ISTANBUL: Le populaire maire d'Istanbul Ekrem Imamoglu, figure de l'opposition au président Recep Tayyip Erdogan, "se prépare" à "défendre" la capitale économique de la Turquie lors des élections municipales prévues en mars, a-t-il déclaré mardi.
"Je me prépare une nouvelle fois à défendre Istanbul", arrachée en 2019 au parti AKP au pouvoir, a assuré M. Imamoglu lors d'une conférence de presse, tout en refusant d'annoncer formellement sa candidature.

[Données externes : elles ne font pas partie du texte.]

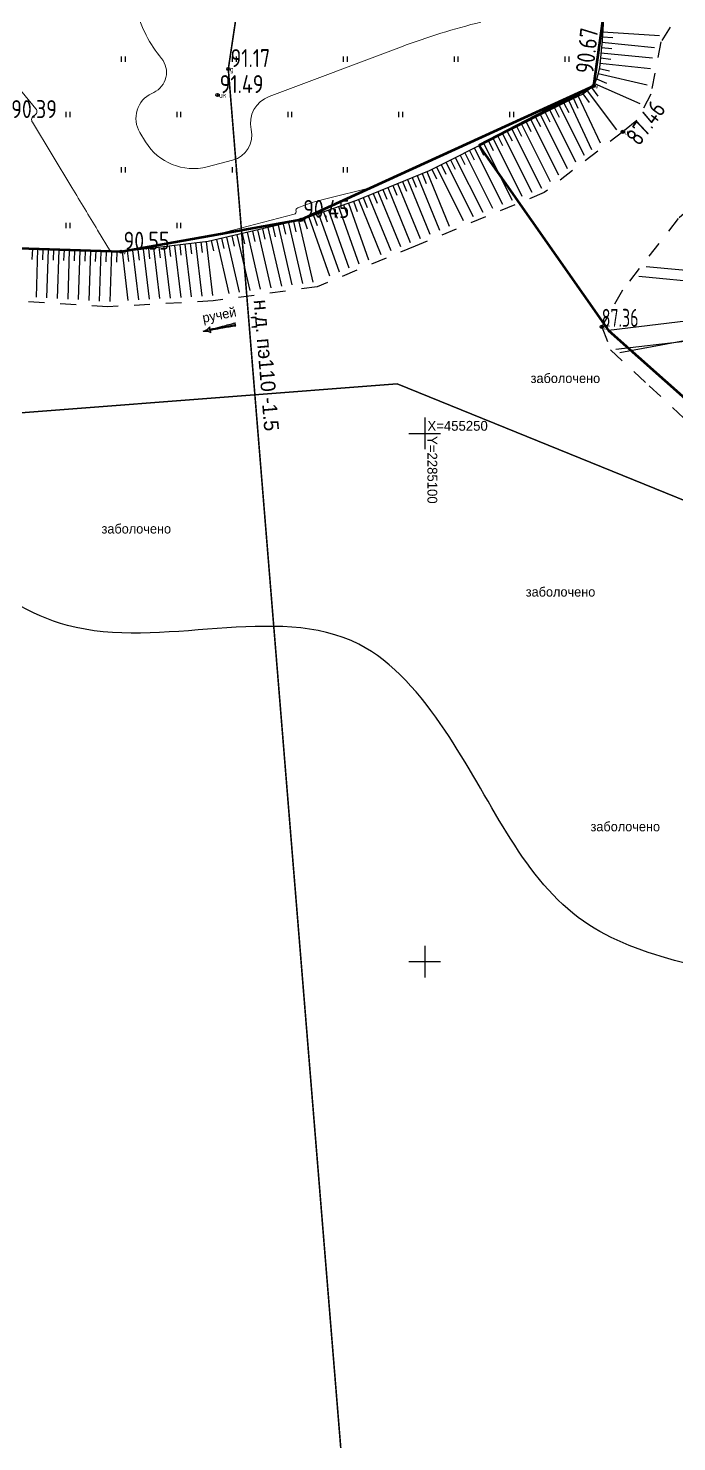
# Model space of a CAD drawing. Header units: metres. Extents: x 2284092 to 2335310, y 454860 to 483236.
# Drawn here: x 2285062.5 to 2285123.8, y 455154.5 to 455288.4 of the extents above; entities that cross this region are included whole.
import ezdxf

# ---------------------------------------------------------------- set-up
doc = ezdxf.new("R2010")
doc.units = ezdxf.units.M
doc.header["$PDMODE"] = 32
doc.header["$PDSIZE"] = 0.3
doc.linetypes.add('ЛИНИЯ_1.5-1.5', pattern=[3, 1.5, -1.5])
for name, color, linetype in [('-_линия', 7, 'Continuous'), ('0 @ 0.5', 7, 'Continuous'), ('Eg.14_Ограждения', 7, 'Continuous'), ('INHABITED', 14, 'Continuous'), ('MUNICIPAL', 14, 'Continuous'), ('P', 94, 'Continuous'), ('Pur', 7, 'Continuous'), ('T', 7, 'Continuous'), ('КОД', 7, 'Continuous')]:
    doc.layers.add(name, color=color, linetype=linetype)
doc.styles.get("Standard").update_dxf_attribs({"font": 'eskdu.shx'})
doc.styles.add('БСАМ курсив малоконтрасный (Бм-431)', font='bm431.ttf')
doc.styles.add('Рубленый (Р-131)', font='p131.ttf')
doc.linetypes.add('Газопр', pattern='A,5,-1,["Г",БСАМ курсив малоконтрасный (Бм-431),S=2,R=0,X=-1,Y=-1],-1,10,-2,10,-2,5', length=36)
doc.linetypes.add('КОНТУР', pattern='A,0,-0.5,[133,ltypeshp.shx,S=0.05,R=0,X=-0.5,Y=0],-0.5', length=1)
doc.linetypes.add('ЛИНИЯ_СВЯЗИ', pattern='A,4.5,[133,ltypeshp.shx,S=0.2,R=0,X=-0.2,Y=0],1e-05,[133,ltypeshp.shx,S=0.15,R=0,X=-0.15,Y=0],1e-05,[133,ltypeshp.shx,S=0.1,R=0,X=-0.1,Y=0],1e-05,[133,ltypeshp.shx,S=0.05,R=0,X=-0.05,Y=0],4.5,-2', length=11.00003)

# ---------------------------------------------------------------- blocks, each defined once
blk = doc.blocks.new('Крест сетки')
at = {"color": 72, "linetype": 'Continuous'}
for p, q in [((0, 3), (0, -3)), ((-3, 0), (3, 0))]:
    blk.add_line(p, q, dxfattribs=at)
blk = doc.blocks.new('Штриховка Луговая растительность')
at = {"color": 3, "linetype": 'Continuous'}
for p, q in [((-0.4, 1), (-0.4, 0)), ((0.4, 0), (0.4, 1))]:
    blk.add_line(p, q, dxfattribs=at)
blk = doc.blocks.new('Направление течения')
at = {"linetype": 'Continuous'}
h = blk.add_hatch(color=0, dxfattribs=at)
edge = h.paths.add_edge_path()
edge.add_arc((-0.03, 2.33), 1.04, 241.8876, 266.7395)
edge.add_spline(control_points=[(-0.09, 1.3), (-0.09, 1.51), (-0.11, 2.34), (-0.14, 4.01), (-0.23, 5.45), (-0.28, 6.27)], knot_values=[0, 0, 0, 0, 0.625751, 2.516384, 4.981065, 4.981065, 4.981065, 4.981065], degree=3, periodic=0)
edge.add_arc((-0.05, 6.62), 0.414, 235.3367, 276.6842)
edge.add_arc((0.05, 6.62), 0.414, 263.3158, 304.6633)
edge.add_spline(control_points=[(0.28, 6.27), (0.23, 5.45), (0.14, 4.01), (0.11, 2.34), (0.09, 1.51), (0.09, 1.3)], knot_values=[0, 0, 0, 0, 2.464681, 4.355314, 4.981065, 4.981065, 4.981065, 4.981065], degree=3, periodic=0)
edge.add_arc((0.03, 2.33), 1.04, 273.2605, 298.1124)
edge.add_spline(control_points=[(0.52, 1.42), (0.39, 1.22), (0.12, 0.79), (0.04, 0.28), (0, 0)], knot_values=[0, 0, 0, 0, 0.685038, 1.525237, 1.525237, 1.525237, 1.525237], degree=3, periodic=0)
edge.add_spline(control_points=[(0, 0), (-0.04, 0.28), (-0.12, 0.79), (-0.39, 1.22), (-0.52, 1.42)], knot_values=[0, 0, 0, 0, 0.840199, 1.525237, 1.525237, 1.525237, 1.525237], degree=3, periodic=0)
at = {"color": 0, "linetype": 'Continuous'}
blk.add_line((0, 0), (0, 6.2), dxfattribs=at)
for centre, radius, start, end in [((-0.05, 6.62), 0.414, 235.3367, 276.6842), ((0.05, 6.62), 0.414, 263.3158, 304.6633), ((-0.03, 2.33), 1.04, 241.8876, 266.7395), ((0.03, 2.33), 1.04, 273.2605, 298.1124)]:
    blk.add_arc(centre, radius, start, end, dxfattribs=at)
for points in [[(-0.09, 1.3), (-0.1, 1.92), (-0.15, 3.81), (-0.28, 6.27)], [(0.09, 1.3), (0.1, 1.92), (0.15, 3.81), (0.28, 6.27)], [(0, 0), (-0.19, 0.82), (-0.52, 1.42)], [(0, 0), (0.19, 0.82), (0.52, 1.42)]]:
    blk.add_spline(points, degree=3, dxfattribs=at)

msp = doc.modelspace()

# ---------------------------------------------------------------- linework, layer by layer
at = {"layer": '-_линия', "color": 1, "lineweight": 100}
msp.add_lwpolyline([(2285496.79, 455564.06), (2285271.53, 455467.58), (2285264.69, 455456.19), (2285255.62, 455428.28), (2285235.08, 455422.67), (2285226.87, 455420.54), (2285211.37, 455393.02), (2285192.75, 455364.76), (2285174.58, 455340.43), (2285155.32, 455328.55), (2285142.87, 455312.81), (2285125.09, 455297.54), (2285117.19, 455291.73), (2285115.97, 455282.88), (2285088.27, 455270.21), (2285071.28, 455267.2), (2285046.92, 455267.98)], dxfattribs=at)
msp.add_lwpolyline([(2285105.13, 455277.24), (2285117.4, 455259.73), (2285144.62, 455235.58), (2285171.81, 455219.58), (2285240.61, 455189.33), (2285360, 455273.88), (2285357.65, 455293.4), (2285424.76, 455347.94), (2285357.37, 455373.11), (2285280.03, 455419.53), (2285266.62, 455433.92), (2285255.62, 455428.3), (2285226.87, 455420.54), (2285211.36, 455393), (2285192.75, 455364.76), (2285174.58, 455340.43), (2285155.32, 455328.55), (2285142.87, 455312.81), (2285125.4, 455297.81), (2285117.19, 455291.73), (2285115.97, 455282.88)], close=True, dxfattribs=at)
at = {"linetype": 'Continuous'}
for p, q in [((2285116.84, 455288.03), (2285122.23, 455287.68)), ((2285116.72, 455286.53), (2285117.71, 455286.43)), ((2285116.77, 455287.03), (2285121.74, 455286.53)), ((2285116.81, 455287.53), (2285117.8, 455287.47)), ((2285116.57, 455285.04), (2285121.36, 455284.56)), ((2285116.62, 455285.54), (2285117.61, 455285.44)), ((2285116.67, 455286.04), (2285121.55, 455285.54)), ((2285116.4, 455284.06), (2285121.05, 455283)), ((2285116.51, 455284.55), (2285117.48, 455284.32)), ((2285115.37, 455282.44), (2285118.15, 455278.73)), ((2285115.77, 455282.74), (2285116.37, 455281.94)), ((2285116.07, 455283.12), (2285120.36, 455281.23)), ((2285116.27, 455283.57), (2285117.19, 455283.17)), ((2285112.72, 455281.05), (2285115.08, 455276.34)), ((2285113.17, 455281.27), (2285113.62, 455280.38)), ((2285113.62, 455281.49), (2285115.79, 455276.89)), ((2285114.07, 455281.71), (2285114.5, 455280.8)), ((2285114.52, 455281.92), (2285116.6, 455277.52)), ((2285114.97, 455282.14), (2285115.57, 455281.34)), ((2285110.04, 455279.7), (2285112.67, 455274.47)), ((2285110.49, 455279.93), (2285110.94, 455279.04)), ((2285110.94, 455280.15), (2285113.47, 455275.09)), ((2285111.38, 455280.38), (2285111.83, 455279.48)), ((2285111.83, 455280.6), (2285114.28, 455275.72)), ((2285112.28, 455280.83), (2285112.72, 455279.93)), ((2285107.36, 455278.36), (2285110.13, 455272.84)), ((2285107.81, 455278.58), (2285108.26, 455277.69)), ((2285108.25, 455278.81), (2285111.05, 455273.23)), ((2285108.7, 455279.03), (2285109.15, 455278.14)), ((2285109.15, 455279.26), (2285111.86, 455273.85)), ((2285109.59, 455279.48), (2285110.04, 455278.59)), ((2285104.68, 455277.02), (2285107.35, 455271.69)), ((2285105.13, 455277.24), (2285105.57, 455276.35)), ((2285105.57, 455277.46), (2285108.27, 455272.08)), ((2285106.02, 455277.69), (2285106.47, 455276.79)), ((2285106.47, 455277.91), (2285109.2, 455272.46)), ((2285106.91, 455278.14), (2285107.36, 455277.24)), ((2285102, 455275.67), (2285104.57, 455270.54)), ((2285102.44, 455275.89), (2285102.89, 455275)), ((2285102.89, 455276.12), (2285105.49, 455270.93)), ((2285103.34, 455276.34), (2285103.79, 455275.45)), ((2285103.78, 455276.57), (2285106.42, 455271.31)), ((2285104.23, 455276.79), (2285104.68, 455275.9)), ((2285099.28, 455274.41), (2285101.39, 455269.23)), ((2285099.74, 455274.6), (2285100.12, 455273.67)), ((2285100.2, 455274.79), (2285102.32, 455269.61)), ((2285100.66, 455275), (2285101.1, 455274.1)), ((2285101.1, 455275.22), (2285103.64, 455270.16)), ((2285101.55, 455275.45), (2285102, 455274.55)), ((2285096.04, 455273.09), (2285096.41, 455272.16)), ((2285096.5, 455273.28), (2285098.62, 455268.08)), ((2285096.96, 455273.47), (2285097.34, 455272.54)), ((2285097.42, 455273.65), (2285099.55, 455268.46)), ((2285097.89, 455273.84), (2285098.27, 455272.92)), ((2285098.35, 455274.03), (2285100.47, 455268.85)), ((2285098.81, 455274.22), (2285099.19, 455273.3)), ((2285092.31, 455271.63), (2285092.64, 455270.69)), ((2285092.78, 455271.8), (2285094.67, 455266.44)), ((2285093.25, 455271.97), (2285093.59, 455271.02)), ((2285093.72, 455272.14), (2285095.85, 455266.93)), ((2285094.18, 455272.33), (2285094.56, 455271.4)), ((2285094.65, 455272.52), (2285096.77, 455267.32)), ((2285095.11, 455272.71), (2285095.49, 455271.78)), ((2285095.57, 455272.9), (2285097.7, 455267.7)), ((2285088.54, 455270.3), (2285088.87, 455269.36)), ((2285089.01, 455270.47), (2285090.97, 455264.91)), ((2285089.48, 455270.63), (2285089.81, 455269.69)), ((2285089.95, 455270.8), (2285091.9, 455265.29)), ((2285090.42, 455270.97), (2285090.76, 455270.02)), ((2285090.9, 455271.13), (2285092.82, 455265.68)), ((2285091.37, 455271.3), (2285091.7, 455270.36)), ((2285091.84, 455271.47), (2285093.75, 455266.06)), ((2285083.19, 455269.04), (2285084.43, 455263.65)), ((2285083.68, 455269.15), (2285083.9, 455268.17)), ((2285084.16, 455269.26), (2285085.42, 455263.79)), ((2285084.65, 455269.37), (2285084.87, 455268.4)), ((2285085.14, 455269.49), (2285086.42, 455263.93)), ((2285085.62, 455269.6), (2285085.85, 455268.62)), ((2285086.11, 455269.71), (2285087.41, 455264.06)), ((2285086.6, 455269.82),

Cette déclaration intervient en pleine crise à la tête de son parti, le CHP, dont le président Kemal Kilicdaroglu a été battu en mai à la présidentielle.
Le refus d'annoncer clairement sa candidature pour la mégapole - "ce ne serait pas politiquement correct", a-t-il fait valoir - alimente les rumeurs selon lesquelles l'ambitieux édile de 52 ans briguerait plutôt la présidence du Parti républicain du peuple (CHP), fondé par le père de la Nation, Mustafa Kemal Atatürk.
"Le sort d'Istanbul et celui de la Turquie sont liés. C'est pourquoi je me considère lié à Istanbul", a-t-il lâché, promettant de "faire de son mieux pour sceller une alliance des partis" d'opposition en vue de la bataille.
Ekrem Imamoglu est cependant menacé par la justice qui l'a condamné en décembre à plus de deux ans de prison et donc inéligibilité pour "insulte à un responsable politique", condamnation dont il a immédiatement fait appel.
Ce risque judiciaire l'a empêché de se présenter contre M. Erdogan, réélu à la tête du pays au printemps.